Expanding further into potential paradigm-shifting methods of staging, artificial intelligence (AI) has generally taken the world by storm. Its uses in radiology and pathology are known as radiomics and pathomics, respectively [36]. In RCC specifically, radiomics has shown excellent diagnostic accuracy for the detection of RCC, the ability to distinguish clear cell vs. non-clear cell subtypes, and it can even predict the nuclear grade [37]. Radiogenomics, a subset of computational radiology, investigates the association of radiomic and quantitative features with gene mutations and gene expression-based molecular signatures. For instance, one study found an association between the level of MRI contrast enhancement and angiogenic gene expression (high enhancement) or immune-related gene expression signatures (low enhancement) in ccRCC [38]. Given the challenges of tumor heterogeneity with traditional tumor biomarkers, radiogenomics presents an exciting potential alternative as an imaging surrogate biomarker.
Finally, as we seek to establish the truth as it pertains to perioperative immunotherapy in RCC, novel therapies that seek to augment immunotherapy are also being studied. One novel concept is whether neoantigen-targeting personalized cancer vaccines (PCVs) with or without immunotherapy can be administered in an adjuvant fashion to reduce recurrence in high-risk ccRCC. The hypothesis is that targeting neoantigens such as RCC driver mutations (e.g., VHL, PBRM1, BAP1, KDM5C, PIK3CA) leads to immune system recognition of tumors and a greater clinical response.

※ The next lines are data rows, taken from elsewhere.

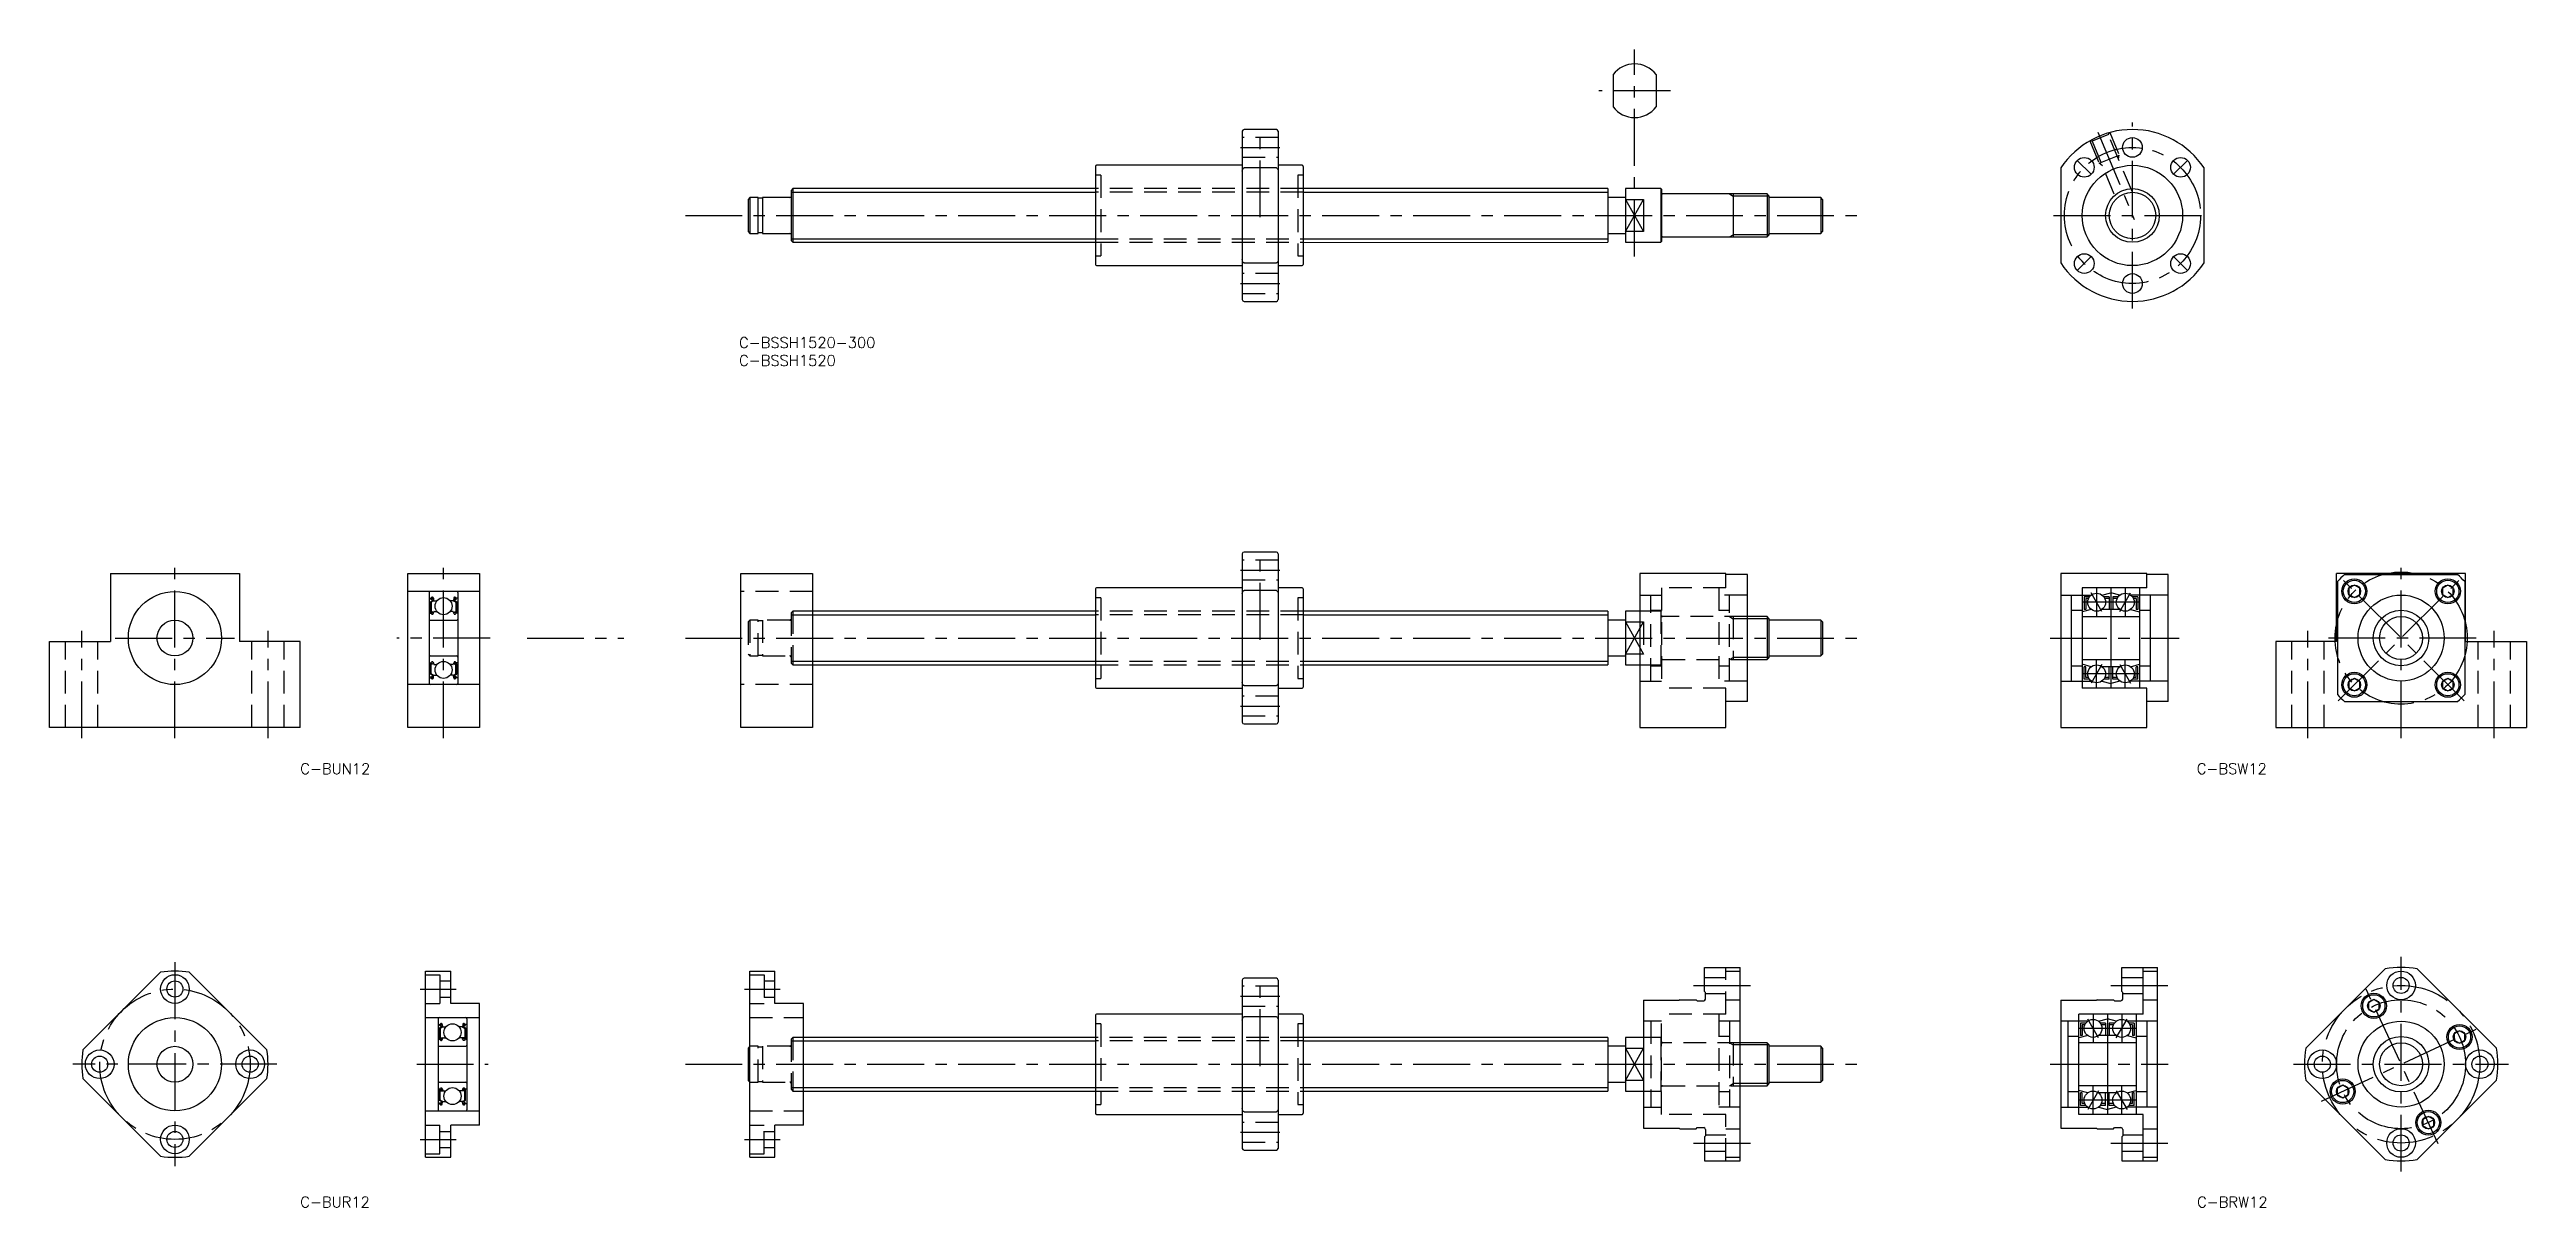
# Model space of a CAD drawing. Extents: x -193 to 499, y -243 to 80.
import ezdxf

# ---------------------------------------------------------------- set-up
doc = ezdxf.new("R2010")
doc.units = 0
doc.header["$LTSCALE"] = 0.5
doc.linetypes.add('CENTER', pattern=[50.8, 31.75, -6.35, 6.35, -6.35])
doc.linetypes.add('DASHED', pattern=[19.05, 12.7, -6.35])
for name, color, linetype in [('MSM_CENTER', 1, 'CENTER'), ('MSM_CONTINUOUS', 7, 'CONTINUOUS'), ('MSM_DASHED', 4, 'DASHED'), ('MSM_NARROW', 5, 'CONTINUOUS'), ('MSM_PART_NUMBER', 7, 'CONTINUOUS')]:
    doc.layers.add(name, color=color, linetype=linetype)
doc.styles.get("Standard").update_dxf_attribs({"font": 'txt.shx', "height": 3, "bigfont": 'bigfont.shx'})

# ---------------------------------------------------------------- blocks, each defined once
blk = doc.blocks.new('*U16')
at = {"layer": 'MSM_PART_NUMBER'}
blk.add_text('C-BSSH1520-300', height=3, dxfattribs=at).set_placement((0, -3))
blk = doc.blocks.new('*U17')
at = {"layer": 'MSM_PART_NUMBER'}
blk.add_text('C-BSSH1520', height=3, dxfattribs=at).set_placement((0, -8))
blk = doc.blocks.new('*U18')
at = {"layer": 'MSM_PART_NUMBER'}
blk.add_text('C-BSW12', height=3, dxfattribs=at).set_placement((406.96, -122))
blk = doc.blocks.new('*U19')
at = {"layer": 'MSM_PART_NUMBER'}
blk.add_text('C-BRW12', height=3, dxfattribs=at).set_placement((407.06, -243))
blk = doc.blocks.new('*U20')
at = {"layer": 'MSM_PART_NUMBER'}
blk.add_text('C-BUN12', height=3, dxfattribs=at).set_placement((-122.5, -122))
blk = doc.blocks.new('*U21')
at = {"layer": 'MSM_PART_NUMBER'}
blk.add_text('C-BUR12', height=3, dxfattribs=at).set_placement((-122.5, -243))

msp = doc.modelspace()

# ---------------------------------------------------------------- linework, layer by layer
at = {"layer": 'MSM_CENTER'}
for p, q in [((250, 22.5), (250, 80.33)), ((260, 68.83), (240, 68.83)), ((145.5, 33.5), (145.5, 58.5)), ((379.36, 57.28), (389.46, 32.89)), ((389, 8), (389, 60)), ((140, 53), (151, 53)), ((373.52, 49.48), (377.61, 45.39)), ((404.48, 49.48), (400.39, 45.39)), ((-15, 34), (315, 34)), ((367, 34), (411, 34)), ((373.52, 18.52), (377.61, 22.61)), ((404.48, 18.52), (400.39, 22.61)), ((140, 15), (151, 15)), ((145.5, -84.5), (145.5, -59.5)), ((140, -65), (151, -65)), ((446.43, -101.57), (481.57, -66.43)), ((481.57, -101.57), (446.43, -66.43)), ((464, -112), (464, -63)), ((391, -74), (375, -74)), ((380.5, -76.6), (377.5, -71.4)), ((379, -70), (379, -78)), ((385.5, -76.6), (388.5, -71.4)), ((387, -70), (387, -78)), ((438, -112), (438, -82)), ((490, -112), (490, -82)), ((-59.2, -84), (-32.2, -84)), ((-15, -84), (315, -84)), ((366, -84), (402, -84)), ((485, -84), (443, -84)), ((391, -94), (375, -94)), ((380.5, -91.4), (377.5, -96.6)), ((379, -98), (379, -90)), ((385.5, -91.4), (388.5, -96.6)), ((387, -98), (387, -90)), ((140, -103), (151, -103)), ((-157.5, -174.5), (-157.5, -231.5)), ((145.5, -203.5), (145.5, -178.5)), ((464, -233), (464, -173)), ((-89, -182), (-79, -182)), ((1.5, -182), (11.5, -182)), ((140, -184), (151, -184)), ((266.5, -181), (282.5, -181)), ((383, -181), (399, -181)), ((474.35, -225.2), (453.65, -180.8)), ((390, -193), (374, -193)), ((379.5, -195.6), (376.5, -190.4)), ((378, -189), (378, -197)), ((384.5, -195.6), (387.5, -190.4)), ((386, -189), (386, -197)), ((441.8, -213.35), (486.2, -192.65)), ((-129, -203), (-186, -203)), ((-90, -203), (-70, -203)), ((-15, -203), (315, -203)), ((366, -203), (399, -203)), ((434, -203), (494, -203)), ((390, -213), (374, -213)), ((379.5, -210.4), (376.5, -215.6)), ((378, -217), (378, -209)), ((384.5, -210.4), (387.5, -215.6)), ((386, -217), (386, -209)), ((-89, -224), (-79, -224)), ((1.5, -224), (11.5, -224)), ((140, -222), (151, -222)), ((266.5, -225), (282.5, -225)), ((383, -225), (399, -225))]:
    msp.add_line(p, q, dxfattribs=at)
at = {"layer": 'MSM_CENTER', "color": 1, "linetype": 'CENTER'}
for p, q in [((-157.5, -112), (-157.5, -63)), ((-82.5, -112), (-82.5, -63)), ((-183.5, -112), (-183.5, -82)), ((-131.5, -112), (-131.5, -82)), ((-174.15, -84), (-140.85, -84)), ((-69.5, -84), (-95.5, -84))]:
    msp.add_line(p, q, dxfattribs=at)
at = {"layer": 'MSM_CENTER'}
for centre, radius in [((389, 34), 19), ((464, -84), 18.45), ((-157.5, -203), 21), ((464, -203), 22), ((464, -203), 18)]:
    msp.add_circle(centre, radius, dxfattribs=at)
at = {"layer": 'MSM_CONTINUOUS'}
for p, q in [((244, 73.33), (244, 64.33)), ((256, 73.33), (256, 64.33)), ((140.5, 57.5), (140.5, 10.5)), ((150, 58), (141, 58)), ((150.5, 57.5), (150.5, 10.5)), ((15, 41.5), (14.5, 41)), ((99.5, 41.5), (15, 41.5)), ((15, 41.5), (15, 26.5)), ((99.5, 47.7), (99.5, 20.3)), ((140.5, 48), (99.8, 48)), ((140.5, 46.34), (140.53, 46.68)), ((140.53, 46.68), (140.62, 46.94)), ((140.62, 46.94), (140.74, 47.14)), ((140.74, 47.14), (140.84, 47.22)), ((140.84, 47.22), (140.94, 47.26)), ((140.94, 47.26), (141, 47.27)), ((150, 47.27), (141, 47.27)), ((150, 47.27), (150.04, 47.26)), ((150.04, 47.26), (150.13, 47.23)), ((150.13, 47.23), (150.24, 47.16)), ((150.24, 47.16), (150.36, 46.99)), ((150.36, 46.99), (150.47, 46.63)), ((150.47, 46.63), (150.5, 46.34)), ((157.2, 48), (150.5, 48)), ((157.5, 47.7), (157.5, 20.3)), ((242.5, 41.5), (157.5, 41.5)), ((242.5, 41.5), (242.5, 26.5)), ((247.5, 41.5), (247.5, 26.5)), ((257.3, 41.5), (247.5, 41.5)), ((257.5, 41.3), (257.3, 41.5)), ((257.3, 41.5), (257.3, 26.5)), ((369, 47.27), (369, 20.73)), ((409, 20.73), (409, 47.27)), ((3, 39), (2.5, 38.5)), ((2.5, 38.5), (2.5, 29.5)), ((5.35, 39), (3, 39)), ((3, 39), (3, 29)), ((5.35, 29), (5.35, 39)), ((6.5, 38.8), (5.35, 38.8)), ((14.2, 39), (6.5, 39)), ((6.5, 39), (6.5, 29)), ((14.5, 41), (14.5, 27)), ((247.5, 39), (242.5, 39)), ((247.5, 38.5), (252.5, 38.5)), ((252.5, 38.5), (252.5, 29.5)), ((257.5, 41.3), (257.5, 26.7)), ((287, 40), (257.8, 40)), ((277.5, 40), (277.5, 28)), ((287.5, 39.5), (287, 40)), ((287, 40), (287, 28)), ((287.5, 39.5), (287.5, 28.5)), ((302, 39), (287.5, 39)), ((302.5, 38.5), (302, 39)), ((302, 39), (302, 29)), ((302.5, 38.5), (302.5, 29.5)), ((2.5, 29.5), (3, 29)), ((3, 29), (5.35, 29)), ((5.35, 29.2), (6.5, 29.2)), ((6.5, 29), (14.2, 29)), ((242.5, 29), (247.5, 29)), ((252.5, 29.5), (247.5, 29.5)), ((257.8, 28), (287, 28)), ((287, 28), (287.5, 28.5)), ((287.5, 29), (302, 29)), ((302, 29), (302.5, 29.5)), ((14.5, 27), (15, 26.5)), ((15, 26.5), (99.5, 26.5)), ((140.53, 21.36), (140.5, 21.66)), ((140.57, 21.18), (140.53, 21.36)), ((140.64, 21.01), (140.57, 21.18)), ((140.76, 20.84), (140.64, 21.01)), ((140.87, 20.76), (140.76, 20.84)), ((140.97, 20.74), (140.87, 20.76)), ((150.16, 20.78), (150.05, 20.74)), ((150.26, 20.87), (150.16, 20.78)), ((150.38, 21.06), (150.26, 20.87)), ((150.47, 21.34), (150.38, 21.06)), ((150.5, 21.66), (150.47, 21.34)), ((157.5, 26.41), (242.5, 26.5)), ((247.5, 26.5), (257.3, 26.5)), ((257.3, 26.5), (257.5, 26.7)), ((99.8, 20), (140.5, 20)), ((140.99, 20.73), (140.97, 20.74)), ((141, 20.73), (140.99, 20.73)), ((141, 20.73), (150, 20.73)), ((150.03, 20.74), (150, 20.73)), ((150.05, 20.74), (150.03, 20.74)), ((150.5, 20), (157.2, 20)), ((141, 10), (150, 10)), ((140.5, -60.5), (140.5, -107.5)), ((150, -60), (141, -60)), ((150.5, -60.5), (150.5, -107.5)), ((-175.5, -66), (-175.5, -85)), ((-175.5, -66), (-139.5, -66)), ((-139.5, -66), (-139.5, -85)), ((-92.5, -109), (-92.5, -66)), ((-92.5, -66), (-72.5, -66)), ((-72.5, -66), (-72.5, -109)), ((0.5, -109), (0.5, -66)), ((0.5, -66), (20.5, -66)), ((20.5, -66), (20.5, -109)), ((251.5, -66), (251.5, -109)), ((275.5, -66), (251.5, -66)), ((275.5, -66.25), (275.5, -66)), ((281.5, -66.25), (275.5, -66.25)), ((281.5, -101.75), (281.5, -66.25)), ((369, -66), (369, -109)), ((393, -66), (369, -66)), ((393, -70), (393, -66)), ((399, -66.25), (393, -66.25)), ((399, -101.75), (399, -66.25)), ((446, -85), (446, -66)), ((482, -66), (446, -66)), ((446.25, -68.22), (446.25, -99.78)), ((448.22, -66.25), (479.78, -66.25)), ((481.75, -68.22), (481.75, -99.78)), ((482, -85), (482, -66)), ((-72.5, -71), (-92.5, -71)), ((-86.5, -71.3), (-86.5, -96.7)), ((-86.4, -72.9), (-86.04, -72.9)), ((-85.52, -73.5), (-86.17, -73.88)), ((-86.17, -73.88), (-86.17, -76.7)), ((-86.05, -72.91), (-85.88, -72.71)), ((-85.9, -73.33), (-86.04, -73.18)), ((-85.32, -73.62), (-85.97, -73.99)), ((-85.97, -73.99), (-85.97, -76.7)), ((-85.9, -73.04), (-85.73, -72.84)), ((-85.76, -73.18), (-85.9, -73.04)), ((-85.9, -73.33), (-85.76, -73.18)), ((-85.55, -72.9), (-85.52, -73.5)), ((-85.35, -72.88), (-85.3, -73.51)), ((-85.32, -73.25), (-85.32, -73.62)), ((-85.2, -73.6), (-84.35, -73.6)), ((-79.8, -73.6), (-80.65, -73.6)), ((-79.65, -72.88), (-79.7, -73.51)), ((-79.68, -73.25), (-79.68, -73.62)), ((-79.68, -73.62), (-79.03, -73.99)), ((-79.45, -72.9), (-79.48, -73.5)), ((-79.48, -73.5), (-78.83, -73.88)), ((-79.1, -73.04), (-79.27, -72.84)), ((-79.24, -73.18), (-79.1, -73.04)), ((-79.1, -73.33), (-79.24, -73.18)), ((-78.95, -72.91), (-79.12, -72.71)), ((-79.1, -73.33), (-78.96, -73.18)), ((-79.03, -73.99), (-79.03, -76.7)), ((-78.6, -72.9), (-78.96, -72.9)), ((-78.83, -73.88), (-78.83, -76.7)), ((-78.5, -71.3), (-78.5, -96.7)), ((99.5, -70.3), (99.5, -97.7)), ((140.5, -70), (99.8, -70)), ((140.5, -71.66), (140.53, -71.32)), ((140.53, -71.32), (140.62, -71.06)), ((140.62, -71.06), (140.74, -70.86)), ((140.74, -70.86), (140.84, -70.78)), ((140.84, -70.78), (140.94, -70.74)), ((140.94, -70.74), (141, -70.73)), ((150, -70.73), (141, -70.73)), ((150, -70.73), (150.04, -70.74)), ((150.04, -70.74), (150.13, -70.77)), ((150.13, -70.77), (150.24, -70.84)), ((150.24, -70.84), (150.36, -71.01)), ((150.36, -71.01), (150.47, -71.37)), ((150.47, -71.37), (150.5, -71.66)), ((157.2, -70), (150.5, -70)), ((157.5, -70.3), (157.5, -97.7)), ((369, -72), (377.5, -72)), ((372, -96), (372, -72)), ((393, -70), (375, -70)), ((375, -70), (375, -98)), ((377.5, -76), (375, -76.67)), ((375.5, -72.5), (375.5, -76)), ((377, -72.5), (375.5, -72.5)), ((376, -76), (375.5, -76)), ((376, -73), (376, -76)), ((376.71, -73), (376, -73)), ((380.5, -72), (383, -71.33)), ((385.5, -76), (380.5, -76)), ((382.5, -72.5), (381, -72.5)), ((382.5, -73), (381.29, -73)), ((382.5, -72.5), (382.5, -76)), ((383, -70), (383, -98)), ((385.5, -72), (383, -71.33)), ((383.5, -72.5), (383.5, -76)), ((385, -72.5), (383.5, -72.5)), ((384.71, -73), (383.5, -73)), ((399, -72), (388.5, -72)), ((388.5, -76), (391, -76.67)), ((390.5, -72.5), (389, -72.5)), ((390, -73), (389.29, -73)), ((390, -73), (390, -76)), ((390.5, -76), (390, -76)), ((390.5, -72.5), (390.5, -76)), ((391, -70), (391, -98)), ((394, -96), (394, -72)), ((450.95, -69.22), (449.45, -70.09)), ((449.45, -70.09), (449.45, -71.82)), ((449.45, -71.82), (450.95, -72.69)), ((452.45, -70.09), (450.95, -69.22)), ((450.95, -72.69), (452.45, -71.82)), ((452.45, -71.82), (452.45, -70.09)), ((477.05, -69.22), (475.55, -70.09)), ((475.55, -70.09), (475.55, -71.82)), ((475.55, -71.82), (477.05, -72.69)), ((478.55, -70.09), (477.05, -69.22)), ((477.05, -72.69), (478.55, -71.82)), ((478.55, -71.82), (478.55, -70.09)), ((-86.4, -77.05), (-86.05, -77.05)), ((-86.2, -79), (-78.8, -79)), ((-86.05, -77.05), (-85.86, -77.28)), ((-85.57, -76.7), (-85.97, -76.7)), ((-85.97, -76.9), (-85.57, -76.9)), ((-85.71, -77.35), (-85.61, -77.35)), ((-85.57, -76.9), (-85.57, -76.7)), ((-85.42, -77.22), (-85.22, -76.67)), ((-85.13, -76.6), (-84.35, -76.6)), ((-79.87, -76.6), (-80.65, -76.6)), ((-79.58, -77.22), (-79.78, -76.67)), ((-79.43, -76.7), (-79.03, -76.7)), ((-79.43, -76.9), (-79.43, -76.7)), ((-79.03, -76.9), (-79.43, -76.9)), ((-79.29, -77.35), (-79.39, -77.35)), ((-78.95, -77.05), (-79.14, -77.28)), ((-78.6, -77.05), (-78.95, -77.05)), ((99.5, -76.5), (20.5, -76.5)), ((242.5, -76.5), (157.5, -76.5)), ((242.5, -76.5), (242.5, -91.5)), ((247.5, -79), (242.5, -79)), ((247.5, -76.5), (247.5, -91.5)), ((251.5, -76.5), (247.5, -76.5)), ((247.5, -79.5), (251.5, -79.5)), ((287, -78), (281.5, -78)), ((287.5, -78.5), (287, -78)), ((287, -78), (287, -90)), ((287.5, -78.5), (287.5, -89.5)), ((302, -79), (287.5, -79)), ((302.5, -79.5), (302, -79)), ((302, -79), (302, -89)), ((302.5, -79.5), (302.5, -88.5)), ((372, -76.25), (375, -76.25)), ((375, -78), (391, -78)), ((391, -76.25), (394, -76.25)), ((-192.5, -109), (-192.5, -85)), ((-192.5, -85), (-175.5, -85)), ((-122.5, -85), (-139.5, -85)), ((-122.5, -109), (-122.5, -85)), ((-86.2, -89), (-78.8, -89)), ((242.5, -89), (247.5, -89)), ((251.5, -88.5), (247.5, -88.5)), ((287, -90), (287.5, -89.5)), ((287.5, -89), (302, -89)), ((302, -89), (302.5, -88.5)), ((429, -85), (429, -109)), ((446, -85), (429, -85)), ((482, -85), (499, -85)), ((499, -85), (499, -109)), ((-86.4, -90.95), (-86.05, -90.95)), ((-86.4, -95.1), (-86.04, -95.1)), ((-86.17, -94.12), (-86.17, -91.3)), ((-85.52, -94.5), (-86.17, -94.12)), ((-86.05, -90.95), (-85.86, -90.72)), ((-86.05, -95.09), (-85.88, -95.29)), ((-85.9, -94.67), (-86.04, -94.82)), ((-85.97, -91.1), (-85.57, -91.1)), ((-85.57, -91.3), (-85.97, -91.3)), ((-85.97, -94.01), (-85.97, -91.3)), ((-85.32, -94.38), (-85.97, -94.01)), ((-85.9, -94.67), (-85.76, -94.82)), ((-85.76, -94.82), (-85.9, -94.96)), ((-85.9, -94.96), (-85.73, -95.16)), ((-85.71, -90.65), (-85.61, -90.65)), ((-85.57, -91.1), (-85.57, -91.3)), ((-85.55, -95.1), (-85.52, -94.5)), ((-85.42, -90.78), (-85.22, -91.33)), ((-85.35, -95.12), (-85.3, -94.49)), ((-85.32, -94.75), (-85.32, -94.38)), ((-85.2, -94.4), (-84.35, -94.4)), ((-85.13, -91.4), (-84.35, -91.4)), ((-79.87, -91.4), (-80.65, -91.4)), ((-79.8, -94.4), (-80.65, -94.4)), ((-79.58, -90.78), (-79.78, -91.33)), ((-79.65, -95.12), (-79.7, -94.49)), ((-79.68, -94.38), (-79.03, -94.01)), ((-79.68, -94.75), (-79.68, -94.38)), ((-79.48, -94.5), (-78.83, -94.12)), ((-79.45, -95.1), (-79.48, -94.5)), ((-79.03, -91.1), (-79.43, -91.1)), ((-79.43, -91.1), (-79.43, -91.3)), ((-79.43, -91.3), (-79.03, -91.3)), ((-79.29, -90.65), (-79.39, -90.65)), ((-79.1, -94.96), (-79.27, -95.16)), ((-79.1, -94.67), (-79.24, -94.82)), ((-79.24, -94.82), (-79.1, -94.96)), ((-78.95, -90.95), (-79.14, -90.72)), ((-78.95, -95.09), (-79.12, -95.29)), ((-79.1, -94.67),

In a phase 1 trial investigating this concept with or without ipilimumab in patients with high-risk, resected ccRCC, none of the nine patients experienced RCC recurrence at a median follow up of 40 months [39]. This concept has now been advanced to a phase 2 trial studying adjuvant pembrolizumab with or without the personalized vaccine called V940 (mRNA-4157; NCT06307431). Finally, in the relapsed/refractory setting, trials are now studying chimeric antigen receptor T-cell (CAR-T) therapies in ccRCC. One such phase 1 trial of 16 patients with relapsed/refractory ccRCC yielded an 81% disease control rate and no patients experienced dose-level toxicities [40]. CAR-T has now entered phase 2 trials in the relapsed/refractory setting [41], and it remains to be seen whether this will be adopted in the adjuvant arena.
An example of a novel clinical trial paradigm can be seen in Figure 1. The purpose of creating and including this paradigm is simply to reinforce the topics discussed in this article and illustrate one way to apply them critically. It is not meant to be viewed as a proposal for a clinical trial. The paradigm aims to highlight how one may incorporate the lessons learned from prior trials, leverage new technologies, and further investigate belzutifan (in addition to immunotherapy) to optimize both the diagnosis and management of high-risk ccRCC. We hope that it can help generate critical discussion about the application of the lessons learned in the ccRCC space.

4. Conclusions

Despite the results of the PROSPER trial, there is ample evidence to argue that neoadjuvant treatment is worthy of further investigation in RCC. A review of the literature suggests that the foundational challenge is being able to accurately stratify risk to offer therapy to the appropriate patients. This may require an unconventional approach, and an overall paradigm shift in the workup of RCC. Thankfully, a wealth of novel technologies and treatments is now at our disposal to hopefully help move the needle forward. In a field of relative stagnation compared to other cancers, the future of RCC is bright.

Author Contributions

Conceptualization, A.A. and M.Z.; methodology, A.A. and M.Z.; software, A.A. and M.Z.; validation, A.A. and M.Z.; resources, A.A. and M.Z.; writing—original draft preparation, A.A.; writing—review and editing, A.A. and M.Z.; visualization, A.A.; supervision, M.Z.; project administration, A.A. and M.Z. All authors have read and agreed to the published version of the manuscript.

Funding

This research received no external funding.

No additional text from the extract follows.